- [DIRECTIONS]:
Search the lines of the records for the word "bias", and copy every line that has it.

═════ DATA SHOWN ═════

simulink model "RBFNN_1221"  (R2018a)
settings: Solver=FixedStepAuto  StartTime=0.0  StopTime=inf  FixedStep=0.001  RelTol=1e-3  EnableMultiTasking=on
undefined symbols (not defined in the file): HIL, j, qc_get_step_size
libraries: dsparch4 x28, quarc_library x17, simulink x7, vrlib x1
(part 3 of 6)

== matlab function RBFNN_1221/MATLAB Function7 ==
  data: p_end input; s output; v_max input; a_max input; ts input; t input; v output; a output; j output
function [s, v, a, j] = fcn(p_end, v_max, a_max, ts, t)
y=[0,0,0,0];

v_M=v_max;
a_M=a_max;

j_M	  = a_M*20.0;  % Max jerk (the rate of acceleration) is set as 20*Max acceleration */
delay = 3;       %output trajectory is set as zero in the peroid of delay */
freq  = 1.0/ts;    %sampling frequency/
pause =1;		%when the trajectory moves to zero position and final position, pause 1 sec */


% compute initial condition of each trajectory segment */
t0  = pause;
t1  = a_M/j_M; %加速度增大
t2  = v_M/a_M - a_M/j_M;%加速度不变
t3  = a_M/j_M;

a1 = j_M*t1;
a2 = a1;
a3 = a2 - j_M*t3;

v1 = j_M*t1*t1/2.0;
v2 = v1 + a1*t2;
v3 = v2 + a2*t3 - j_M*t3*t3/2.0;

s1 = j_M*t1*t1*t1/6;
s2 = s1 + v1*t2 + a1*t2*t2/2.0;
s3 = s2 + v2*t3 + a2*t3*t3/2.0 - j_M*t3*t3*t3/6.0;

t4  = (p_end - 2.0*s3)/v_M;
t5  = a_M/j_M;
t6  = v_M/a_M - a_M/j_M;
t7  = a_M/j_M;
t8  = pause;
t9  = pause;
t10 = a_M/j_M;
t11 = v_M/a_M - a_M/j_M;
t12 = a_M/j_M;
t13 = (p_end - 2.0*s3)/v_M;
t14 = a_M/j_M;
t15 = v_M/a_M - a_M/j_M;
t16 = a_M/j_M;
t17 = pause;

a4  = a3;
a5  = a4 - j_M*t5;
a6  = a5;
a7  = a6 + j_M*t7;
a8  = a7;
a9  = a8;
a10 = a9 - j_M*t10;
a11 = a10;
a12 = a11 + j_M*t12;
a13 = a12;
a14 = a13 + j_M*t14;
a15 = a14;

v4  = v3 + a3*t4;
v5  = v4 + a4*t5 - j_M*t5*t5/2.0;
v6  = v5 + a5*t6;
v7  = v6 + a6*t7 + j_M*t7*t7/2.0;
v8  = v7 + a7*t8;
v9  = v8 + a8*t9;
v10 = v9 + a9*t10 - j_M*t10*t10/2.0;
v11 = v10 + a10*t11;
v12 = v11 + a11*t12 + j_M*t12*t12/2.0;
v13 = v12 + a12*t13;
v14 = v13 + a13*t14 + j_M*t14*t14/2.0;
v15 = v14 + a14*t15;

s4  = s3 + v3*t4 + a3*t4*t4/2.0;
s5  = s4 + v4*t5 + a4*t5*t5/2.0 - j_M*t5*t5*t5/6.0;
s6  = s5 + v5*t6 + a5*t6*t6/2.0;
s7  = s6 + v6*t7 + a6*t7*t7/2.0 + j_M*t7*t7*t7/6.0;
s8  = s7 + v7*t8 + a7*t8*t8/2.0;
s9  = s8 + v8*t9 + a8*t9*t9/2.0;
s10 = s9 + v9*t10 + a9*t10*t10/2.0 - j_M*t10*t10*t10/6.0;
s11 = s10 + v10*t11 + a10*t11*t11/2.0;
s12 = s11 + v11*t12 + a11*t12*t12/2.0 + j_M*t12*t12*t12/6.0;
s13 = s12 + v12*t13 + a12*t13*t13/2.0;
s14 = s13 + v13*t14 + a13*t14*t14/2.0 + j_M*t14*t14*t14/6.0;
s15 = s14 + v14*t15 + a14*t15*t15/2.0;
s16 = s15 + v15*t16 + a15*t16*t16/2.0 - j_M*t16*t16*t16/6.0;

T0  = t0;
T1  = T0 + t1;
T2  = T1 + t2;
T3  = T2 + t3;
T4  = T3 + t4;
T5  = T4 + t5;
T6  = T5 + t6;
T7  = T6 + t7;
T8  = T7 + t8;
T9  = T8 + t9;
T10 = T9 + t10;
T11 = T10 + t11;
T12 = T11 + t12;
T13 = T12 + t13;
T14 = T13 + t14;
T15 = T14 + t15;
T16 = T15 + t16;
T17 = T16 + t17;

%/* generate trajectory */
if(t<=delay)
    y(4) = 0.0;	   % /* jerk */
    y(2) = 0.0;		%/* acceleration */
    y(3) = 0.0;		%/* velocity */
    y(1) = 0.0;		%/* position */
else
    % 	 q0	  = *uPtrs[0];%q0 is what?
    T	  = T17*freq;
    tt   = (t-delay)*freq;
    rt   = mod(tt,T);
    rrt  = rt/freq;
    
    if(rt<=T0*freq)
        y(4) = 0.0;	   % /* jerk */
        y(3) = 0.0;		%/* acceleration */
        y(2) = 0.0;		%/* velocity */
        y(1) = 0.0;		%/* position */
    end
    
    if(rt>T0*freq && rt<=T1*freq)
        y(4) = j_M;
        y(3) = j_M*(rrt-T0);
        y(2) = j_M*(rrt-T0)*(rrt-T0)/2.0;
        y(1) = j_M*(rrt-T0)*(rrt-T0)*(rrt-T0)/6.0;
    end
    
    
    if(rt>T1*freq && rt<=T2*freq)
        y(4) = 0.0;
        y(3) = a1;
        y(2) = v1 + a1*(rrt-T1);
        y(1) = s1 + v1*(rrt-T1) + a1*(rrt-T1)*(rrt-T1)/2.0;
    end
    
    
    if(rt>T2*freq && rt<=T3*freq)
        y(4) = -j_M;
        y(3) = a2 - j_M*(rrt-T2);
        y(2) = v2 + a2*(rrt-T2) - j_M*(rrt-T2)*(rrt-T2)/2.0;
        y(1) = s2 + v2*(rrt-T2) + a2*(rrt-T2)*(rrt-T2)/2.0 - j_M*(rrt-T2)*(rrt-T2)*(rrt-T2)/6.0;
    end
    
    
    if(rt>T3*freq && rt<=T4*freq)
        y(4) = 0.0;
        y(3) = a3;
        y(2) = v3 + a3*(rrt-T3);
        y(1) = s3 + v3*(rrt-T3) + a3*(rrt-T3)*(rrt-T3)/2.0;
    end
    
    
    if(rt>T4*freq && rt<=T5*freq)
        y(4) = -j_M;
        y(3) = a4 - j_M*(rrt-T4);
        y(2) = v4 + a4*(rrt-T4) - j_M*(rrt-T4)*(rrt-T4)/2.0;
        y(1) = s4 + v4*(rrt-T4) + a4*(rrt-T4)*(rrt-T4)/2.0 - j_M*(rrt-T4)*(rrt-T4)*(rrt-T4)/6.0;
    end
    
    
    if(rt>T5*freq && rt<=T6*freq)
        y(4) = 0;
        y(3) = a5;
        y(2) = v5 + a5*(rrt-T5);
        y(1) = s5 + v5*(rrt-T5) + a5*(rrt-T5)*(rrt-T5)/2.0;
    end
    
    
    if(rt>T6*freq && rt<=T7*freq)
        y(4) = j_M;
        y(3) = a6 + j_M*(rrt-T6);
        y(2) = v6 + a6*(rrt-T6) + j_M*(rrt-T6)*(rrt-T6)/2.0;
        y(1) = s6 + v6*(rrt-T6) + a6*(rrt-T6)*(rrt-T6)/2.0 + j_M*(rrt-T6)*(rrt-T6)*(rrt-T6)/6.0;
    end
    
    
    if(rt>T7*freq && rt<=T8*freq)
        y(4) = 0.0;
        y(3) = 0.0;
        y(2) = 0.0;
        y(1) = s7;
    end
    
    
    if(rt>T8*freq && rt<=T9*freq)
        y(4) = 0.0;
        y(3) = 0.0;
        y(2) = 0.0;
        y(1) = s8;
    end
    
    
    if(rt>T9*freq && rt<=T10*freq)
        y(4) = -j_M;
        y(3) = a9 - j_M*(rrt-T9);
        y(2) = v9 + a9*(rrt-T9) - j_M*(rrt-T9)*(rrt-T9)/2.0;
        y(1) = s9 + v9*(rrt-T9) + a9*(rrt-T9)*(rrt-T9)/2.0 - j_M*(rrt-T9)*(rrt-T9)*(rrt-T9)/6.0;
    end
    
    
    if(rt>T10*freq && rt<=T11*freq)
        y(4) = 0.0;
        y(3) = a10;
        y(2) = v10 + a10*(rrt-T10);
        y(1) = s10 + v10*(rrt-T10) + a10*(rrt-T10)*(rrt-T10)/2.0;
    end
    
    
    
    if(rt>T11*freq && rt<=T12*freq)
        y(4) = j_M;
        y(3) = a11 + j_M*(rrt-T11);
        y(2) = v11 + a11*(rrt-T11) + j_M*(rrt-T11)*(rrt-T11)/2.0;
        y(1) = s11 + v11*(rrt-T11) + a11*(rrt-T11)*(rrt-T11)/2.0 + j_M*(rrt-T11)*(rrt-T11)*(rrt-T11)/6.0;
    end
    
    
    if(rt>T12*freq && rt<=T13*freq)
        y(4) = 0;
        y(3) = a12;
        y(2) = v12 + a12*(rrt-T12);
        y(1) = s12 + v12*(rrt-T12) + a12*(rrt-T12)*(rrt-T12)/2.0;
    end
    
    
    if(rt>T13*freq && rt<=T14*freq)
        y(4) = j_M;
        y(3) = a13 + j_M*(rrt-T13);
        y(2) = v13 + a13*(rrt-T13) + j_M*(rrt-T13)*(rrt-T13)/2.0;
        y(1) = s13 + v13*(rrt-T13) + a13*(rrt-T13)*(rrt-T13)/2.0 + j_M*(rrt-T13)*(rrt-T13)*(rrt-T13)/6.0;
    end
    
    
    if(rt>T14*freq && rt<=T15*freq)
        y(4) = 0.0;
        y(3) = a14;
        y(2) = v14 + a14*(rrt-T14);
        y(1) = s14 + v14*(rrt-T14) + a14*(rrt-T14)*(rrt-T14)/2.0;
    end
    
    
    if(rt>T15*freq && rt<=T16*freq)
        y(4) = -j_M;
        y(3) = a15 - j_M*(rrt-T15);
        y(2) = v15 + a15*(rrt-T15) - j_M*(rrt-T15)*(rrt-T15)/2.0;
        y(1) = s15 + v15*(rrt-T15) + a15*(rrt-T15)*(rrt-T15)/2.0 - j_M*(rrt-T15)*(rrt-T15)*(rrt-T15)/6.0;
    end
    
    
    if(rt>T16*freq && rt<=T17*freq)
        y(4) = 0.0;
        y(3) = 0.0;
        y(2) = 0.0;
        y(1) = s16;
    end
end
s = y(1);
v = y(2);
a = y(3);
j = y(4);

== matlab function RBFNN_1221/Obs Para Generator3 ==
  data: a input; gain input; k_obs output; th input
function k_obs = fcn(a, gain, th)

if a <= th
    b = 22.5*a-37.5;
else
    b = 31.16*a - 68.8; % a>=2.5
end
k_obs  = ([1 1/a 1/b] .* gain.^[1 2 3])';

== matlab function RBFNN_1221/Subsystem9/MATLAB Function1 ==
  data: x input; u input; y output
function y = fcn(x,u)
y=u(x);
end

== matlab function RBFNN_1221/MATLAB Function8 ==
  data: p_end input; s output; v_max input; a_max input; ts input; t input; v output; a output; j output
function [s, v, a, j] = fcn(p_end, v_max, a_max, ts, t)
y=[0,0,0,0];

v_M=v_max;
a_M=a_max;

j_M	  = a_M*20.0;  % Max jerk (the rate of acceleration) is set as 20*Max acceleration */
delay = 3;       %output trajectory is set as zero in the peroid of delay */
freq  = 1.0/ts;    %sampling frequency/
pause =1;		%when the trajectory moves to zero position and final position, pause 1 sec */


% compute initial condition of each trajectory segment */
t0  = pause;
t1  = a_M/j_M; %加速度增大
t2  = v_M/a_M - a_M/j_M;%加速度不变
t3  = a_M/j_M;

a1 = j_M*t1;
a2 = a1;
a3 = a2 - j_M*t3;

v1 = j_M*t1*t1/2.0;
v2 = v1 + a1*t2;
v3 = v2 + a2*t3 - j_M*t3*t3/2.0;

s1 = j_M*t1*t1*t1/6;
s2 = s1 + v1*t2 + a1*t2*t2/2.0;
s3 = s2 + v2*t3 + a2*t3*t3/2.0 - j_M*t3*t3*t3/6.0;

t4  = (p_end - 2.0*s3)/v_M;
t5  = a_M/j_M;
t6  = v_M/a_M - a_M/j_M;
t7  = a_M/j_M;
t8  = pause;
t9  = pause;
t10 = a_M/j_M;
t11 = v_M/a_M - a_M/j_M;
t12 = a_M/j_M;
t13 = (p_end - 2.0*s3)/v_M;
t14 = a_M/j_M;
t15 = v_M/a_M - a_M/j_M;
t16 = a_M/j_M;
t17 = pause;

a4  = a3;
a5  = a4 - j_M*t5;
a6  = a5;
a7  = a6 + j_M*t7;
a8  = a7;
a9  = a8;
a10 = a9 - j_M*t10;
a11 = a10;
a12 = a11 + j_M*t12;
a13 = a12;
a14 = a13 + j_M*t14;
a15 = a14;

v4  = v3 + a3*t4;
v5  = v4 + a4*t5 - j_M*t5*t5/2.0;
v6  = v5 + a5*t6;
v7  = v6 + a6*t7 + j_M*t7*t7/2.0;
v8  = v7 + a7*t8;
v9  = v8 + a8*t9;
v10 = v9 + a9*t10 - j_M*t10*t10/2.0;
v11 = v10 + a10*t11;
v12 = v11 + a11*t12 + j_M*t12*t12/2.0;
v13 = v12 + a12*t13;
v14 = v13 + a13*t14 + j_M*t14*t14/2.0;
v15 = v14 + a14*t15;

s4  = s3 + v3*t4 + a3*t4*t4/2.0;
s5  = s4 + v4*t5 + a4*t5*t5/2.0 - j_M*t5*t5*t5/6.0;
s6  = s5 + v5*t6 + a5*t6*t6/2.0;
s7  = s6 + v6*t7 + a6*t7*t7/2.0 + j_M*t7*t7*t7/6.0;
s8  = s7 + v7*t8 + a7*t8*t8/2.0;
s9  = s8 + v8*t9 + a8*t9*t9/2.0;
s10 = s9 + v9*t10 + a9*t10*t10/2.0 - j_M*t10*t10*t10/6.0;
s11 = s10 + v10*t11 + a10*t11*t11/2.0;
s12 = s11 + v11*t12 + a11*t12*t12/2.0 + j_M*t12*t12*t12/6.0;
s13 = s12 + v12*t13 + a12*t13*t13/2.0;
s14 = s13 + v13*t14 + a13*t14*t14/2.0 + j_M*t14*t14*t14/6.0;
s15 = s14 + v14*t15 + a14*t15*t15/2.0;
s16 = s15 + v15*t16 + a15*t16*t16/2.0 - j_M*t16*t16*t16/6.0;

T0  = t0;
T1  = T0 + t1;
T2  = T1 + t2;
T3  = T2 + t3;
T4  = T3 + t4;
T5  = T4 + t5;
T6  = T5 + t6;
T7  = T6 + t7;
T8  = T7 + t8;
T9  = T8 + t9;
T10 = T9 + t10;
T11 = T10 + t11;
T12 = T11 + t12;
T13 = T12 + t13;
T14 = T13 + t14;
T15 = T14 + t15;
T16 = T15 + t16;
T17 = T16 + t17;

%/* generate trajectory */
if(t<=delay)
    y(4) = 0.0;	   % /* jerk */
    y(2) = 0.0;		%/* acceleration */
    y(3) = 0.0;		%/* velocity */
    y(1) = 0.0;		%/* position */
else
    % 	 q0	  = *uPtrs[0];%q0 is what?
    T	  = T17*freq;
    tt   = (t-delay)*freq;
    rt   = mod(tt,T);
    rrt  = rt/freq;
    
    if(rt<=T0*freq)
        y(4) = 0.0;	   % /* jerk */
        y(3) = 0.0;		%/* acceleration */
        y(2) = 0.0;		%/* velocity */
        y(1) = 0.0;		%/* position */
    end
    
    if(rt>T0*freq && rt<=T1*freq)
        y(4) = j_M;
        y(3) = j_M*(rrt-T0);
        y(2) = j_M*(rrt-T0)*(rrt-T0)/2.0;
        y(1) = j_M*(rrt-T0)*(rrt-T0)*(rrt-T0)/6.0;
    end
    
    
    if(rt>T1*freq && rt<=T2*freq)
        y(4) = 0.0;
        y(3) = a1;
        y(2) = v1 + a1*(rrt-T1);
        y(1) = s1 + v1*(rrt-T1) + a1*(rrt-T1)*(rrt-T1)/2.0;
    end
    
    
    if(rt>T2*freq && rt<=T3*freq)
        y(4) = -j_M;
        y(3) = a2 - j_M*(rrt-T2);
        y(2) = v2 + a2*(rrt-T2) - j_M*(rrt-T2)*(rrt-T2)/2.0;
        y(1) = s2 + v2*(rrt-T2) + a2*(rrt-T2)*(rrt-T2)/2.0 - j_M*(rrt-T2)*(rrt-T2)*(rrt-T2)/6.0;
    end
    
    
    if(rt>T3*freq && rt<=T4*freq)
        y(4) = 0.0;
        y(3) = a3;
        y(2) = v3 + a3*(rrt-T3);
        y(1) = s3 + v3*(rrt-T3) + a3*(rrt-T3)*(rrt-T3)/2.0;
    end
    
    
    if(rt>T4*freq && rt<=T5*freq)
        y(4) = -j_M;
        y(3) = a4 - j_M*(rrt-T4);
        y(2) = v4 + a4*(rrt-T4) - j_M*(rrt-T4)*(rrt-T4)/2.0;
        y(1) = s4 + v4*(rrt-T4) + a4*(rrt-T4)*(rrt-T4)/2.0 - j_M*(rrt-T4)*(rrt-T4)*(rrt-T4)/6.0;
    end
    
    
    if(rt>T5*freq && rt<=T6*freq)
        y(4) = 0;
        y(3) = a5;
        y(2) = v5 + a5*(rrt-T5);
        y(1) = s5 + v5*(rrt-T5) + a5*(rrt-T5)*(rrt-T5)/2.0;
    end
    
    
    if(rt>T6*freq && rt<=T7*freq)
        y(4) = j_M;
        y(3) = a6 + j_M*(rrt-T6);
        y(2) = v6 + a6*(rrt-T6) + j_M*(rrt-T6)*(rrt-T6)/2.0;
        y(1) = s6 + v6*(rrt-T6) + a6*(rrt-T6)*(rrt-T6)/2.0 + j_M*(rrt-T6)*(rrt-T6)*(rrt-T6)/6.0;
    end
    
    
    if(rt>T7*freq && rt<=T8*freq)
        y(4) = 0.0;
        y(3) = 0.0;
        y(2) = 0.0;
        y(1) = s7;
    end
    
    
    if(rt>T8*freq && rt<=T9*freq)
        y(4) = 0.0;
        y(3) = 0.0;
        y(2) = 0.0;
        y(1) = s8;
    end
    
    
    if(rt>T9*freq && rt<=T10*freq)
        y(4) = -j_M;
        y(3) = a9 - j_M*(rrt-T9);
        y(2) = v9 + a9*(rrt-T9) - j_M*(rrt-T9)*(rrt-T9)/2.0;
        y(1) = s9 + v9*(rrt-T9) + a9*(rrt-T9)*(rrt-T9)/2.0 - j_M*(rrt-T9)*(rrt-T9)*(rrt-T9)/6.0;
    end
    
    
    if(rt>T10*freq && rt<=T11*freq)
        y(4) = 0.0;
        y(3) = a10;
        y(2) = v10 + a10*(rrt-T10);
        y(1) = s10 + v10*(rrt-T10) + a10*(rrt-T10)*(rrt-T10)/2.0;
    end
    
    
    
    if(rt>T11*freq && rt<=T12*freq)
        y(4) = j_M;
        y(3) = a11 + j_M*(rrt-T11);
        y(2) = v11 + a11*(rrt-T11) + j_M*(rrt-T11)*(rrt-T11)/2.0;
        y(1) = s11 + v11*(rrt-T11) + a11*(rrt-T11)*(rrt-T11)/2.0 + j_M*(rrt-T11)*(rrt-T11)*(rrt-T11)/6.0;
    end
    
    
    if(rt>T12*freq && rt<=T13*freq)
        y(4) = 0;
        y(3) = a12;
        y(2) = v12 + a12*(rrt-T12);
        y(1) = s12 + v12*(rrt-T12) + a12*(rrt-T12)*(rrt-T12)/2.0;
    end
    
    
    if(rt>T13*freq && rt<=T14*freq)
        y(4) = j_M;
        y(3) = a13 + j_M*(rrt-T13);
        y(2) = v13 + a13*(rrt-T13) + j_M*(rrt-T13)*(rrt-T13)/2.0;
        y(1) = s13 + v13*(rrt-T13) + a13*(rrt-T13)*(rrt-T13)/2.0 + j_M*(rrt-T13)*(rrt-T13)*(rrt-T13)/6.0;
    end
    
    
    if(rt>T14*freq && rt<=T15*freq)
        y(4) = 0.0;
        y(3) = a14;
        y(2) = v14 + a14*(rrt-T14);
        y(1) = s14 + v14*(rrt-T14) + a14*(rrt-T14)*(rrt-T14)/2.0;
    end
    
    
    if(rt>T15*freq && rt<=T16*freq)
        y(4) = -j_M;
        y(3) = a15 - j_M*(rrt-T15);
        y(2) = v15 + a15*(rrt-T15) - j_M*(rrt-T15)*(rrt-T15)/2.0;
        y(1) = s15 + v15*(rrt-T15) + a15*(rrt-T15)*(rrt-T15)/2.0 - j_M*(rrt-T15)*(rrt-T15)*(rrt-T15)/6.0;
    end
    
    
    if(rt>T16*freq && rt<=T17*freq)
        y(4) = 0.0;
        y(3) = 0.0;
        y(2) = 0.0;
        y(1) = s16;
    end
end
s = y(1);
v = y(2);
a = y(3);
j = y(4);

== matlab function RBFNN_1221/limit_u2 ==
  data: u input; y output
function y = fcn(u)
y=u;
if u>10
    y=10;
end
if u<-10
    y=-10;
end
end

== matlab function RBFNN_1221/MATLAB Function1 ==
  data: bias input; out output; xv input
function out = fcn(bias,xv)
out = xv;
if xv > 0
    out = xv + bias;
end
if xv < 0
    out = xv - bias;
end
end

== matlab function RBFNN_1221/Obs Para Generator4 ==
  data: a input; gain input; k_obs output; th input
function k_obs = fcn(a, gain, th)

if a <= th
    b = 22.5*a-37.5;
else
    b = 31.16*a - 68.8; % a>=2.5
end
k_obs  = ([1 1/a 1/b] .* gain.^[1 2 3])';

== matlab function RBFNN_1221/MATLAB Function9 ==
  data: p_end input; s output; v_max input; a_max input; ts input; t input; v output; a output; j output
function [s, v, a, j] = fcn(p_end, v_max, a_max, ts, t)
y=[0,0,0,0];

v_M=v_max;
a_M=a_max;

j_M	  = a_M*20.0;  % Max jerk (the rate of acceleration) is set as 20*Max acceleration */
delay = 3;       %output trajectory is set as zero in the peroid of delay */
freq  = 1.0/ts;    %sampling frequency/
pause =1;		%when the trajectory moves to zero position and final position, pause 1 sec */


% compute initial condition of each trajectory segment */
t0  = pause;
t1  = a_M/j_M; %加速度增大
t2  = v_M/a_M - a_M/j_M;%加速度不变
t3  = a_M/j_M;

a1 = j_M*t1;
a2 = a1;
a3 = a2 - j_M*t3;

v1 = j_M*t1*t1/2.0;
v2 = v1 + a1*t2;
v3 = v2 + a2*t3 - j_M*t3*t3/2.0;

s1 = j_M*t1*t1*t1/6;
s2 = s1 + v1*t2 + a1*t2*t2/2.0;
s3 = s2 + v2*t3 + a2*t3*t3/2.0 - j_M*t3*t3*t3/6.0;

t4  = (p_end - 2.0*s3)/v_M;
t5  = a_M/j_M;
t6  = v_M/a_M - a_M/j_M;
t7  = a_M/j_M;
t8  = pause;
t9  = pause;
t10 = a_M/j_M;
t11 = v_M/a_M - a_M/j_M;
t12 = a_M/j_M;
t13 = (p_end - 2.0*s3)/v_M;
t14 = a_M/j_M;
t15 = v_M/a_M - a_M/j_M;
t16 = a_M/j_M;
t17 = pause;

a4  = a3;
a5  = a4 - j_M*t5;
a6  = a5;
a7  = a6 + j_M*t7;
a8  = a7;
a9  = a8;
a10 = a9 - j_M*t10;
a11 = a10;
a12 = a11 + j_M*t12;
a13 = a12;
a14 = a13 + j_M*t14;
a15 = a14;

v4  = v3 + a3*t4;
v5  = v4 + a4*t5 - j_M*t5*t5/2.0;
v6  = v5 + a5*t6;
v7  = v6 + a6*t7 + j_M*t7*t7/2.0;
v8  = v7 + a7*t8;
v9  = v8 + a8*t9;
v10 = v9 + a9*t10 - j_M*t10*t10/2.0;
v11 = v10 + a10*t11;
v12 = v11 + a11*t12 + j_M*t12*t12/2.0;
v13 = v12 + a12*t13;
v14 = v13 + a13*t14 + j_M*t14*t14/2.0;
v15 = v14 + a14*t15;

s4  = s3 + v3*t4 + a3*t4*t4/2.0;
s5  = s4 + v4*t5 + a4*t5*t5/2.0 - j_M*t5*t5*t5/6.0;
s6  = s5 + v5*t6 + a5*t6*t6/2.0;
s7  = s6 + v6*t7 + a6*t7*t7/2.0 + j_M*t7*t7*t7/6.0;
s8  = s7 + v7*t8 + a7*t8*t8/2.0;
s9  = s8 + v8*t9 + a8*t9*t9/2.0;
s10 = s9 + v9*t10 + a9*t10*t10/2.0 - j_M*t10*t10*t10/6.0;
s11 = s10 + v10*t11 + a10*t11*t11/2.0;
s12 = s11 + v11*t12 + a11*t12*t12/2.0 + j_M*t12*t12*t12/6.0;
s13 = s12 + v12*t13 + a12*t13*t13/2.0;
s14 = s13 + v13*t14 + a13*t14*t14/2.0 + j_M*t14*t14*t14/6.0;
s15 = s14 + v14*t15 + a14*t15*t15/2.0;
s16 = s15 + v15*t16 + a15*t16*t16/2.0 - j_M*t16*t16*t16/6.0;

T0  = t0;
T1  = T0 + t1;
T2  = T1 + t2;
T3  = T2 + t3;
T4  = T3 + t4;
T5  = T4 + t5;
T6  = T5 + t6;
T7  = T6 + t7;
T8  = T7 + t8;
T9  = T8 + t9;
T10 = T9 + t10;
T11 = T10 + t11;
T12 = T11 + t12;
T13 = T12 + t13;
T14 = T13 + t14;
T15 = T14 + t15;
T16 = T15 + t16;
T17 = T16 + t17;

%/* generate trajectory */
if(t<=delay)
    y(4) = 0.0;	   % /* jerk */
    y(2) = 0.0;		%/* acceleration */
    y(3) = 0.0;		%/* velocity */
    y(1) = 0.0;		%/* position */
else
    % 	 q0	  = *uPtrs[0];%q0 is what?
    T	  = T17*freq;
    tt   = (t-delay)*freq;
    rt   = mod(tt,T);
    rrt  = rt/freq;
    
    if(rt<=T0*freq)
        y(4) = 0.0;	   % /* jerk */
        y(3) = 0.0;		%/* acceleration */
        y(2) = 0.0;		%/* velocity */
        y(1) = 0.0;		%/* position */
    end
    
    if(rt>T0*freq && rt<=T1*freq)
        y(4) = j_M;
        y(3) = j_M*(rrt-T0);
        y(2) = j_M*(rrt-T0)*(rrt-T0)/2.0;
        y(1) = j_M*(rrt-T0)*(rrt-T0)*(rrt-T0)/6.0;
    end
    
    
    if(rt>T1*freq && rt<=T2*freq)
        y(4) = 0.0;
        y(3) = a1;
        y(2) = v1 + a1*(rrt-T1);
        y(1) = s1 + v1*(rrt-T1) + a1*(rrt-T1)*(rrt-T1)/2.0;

═════

- [EXERCISE ANSWER]:
  data: bias input; out output; xv input
function out = fcn(bias,xv)
    out = xv + bias;
    out = xv - bias;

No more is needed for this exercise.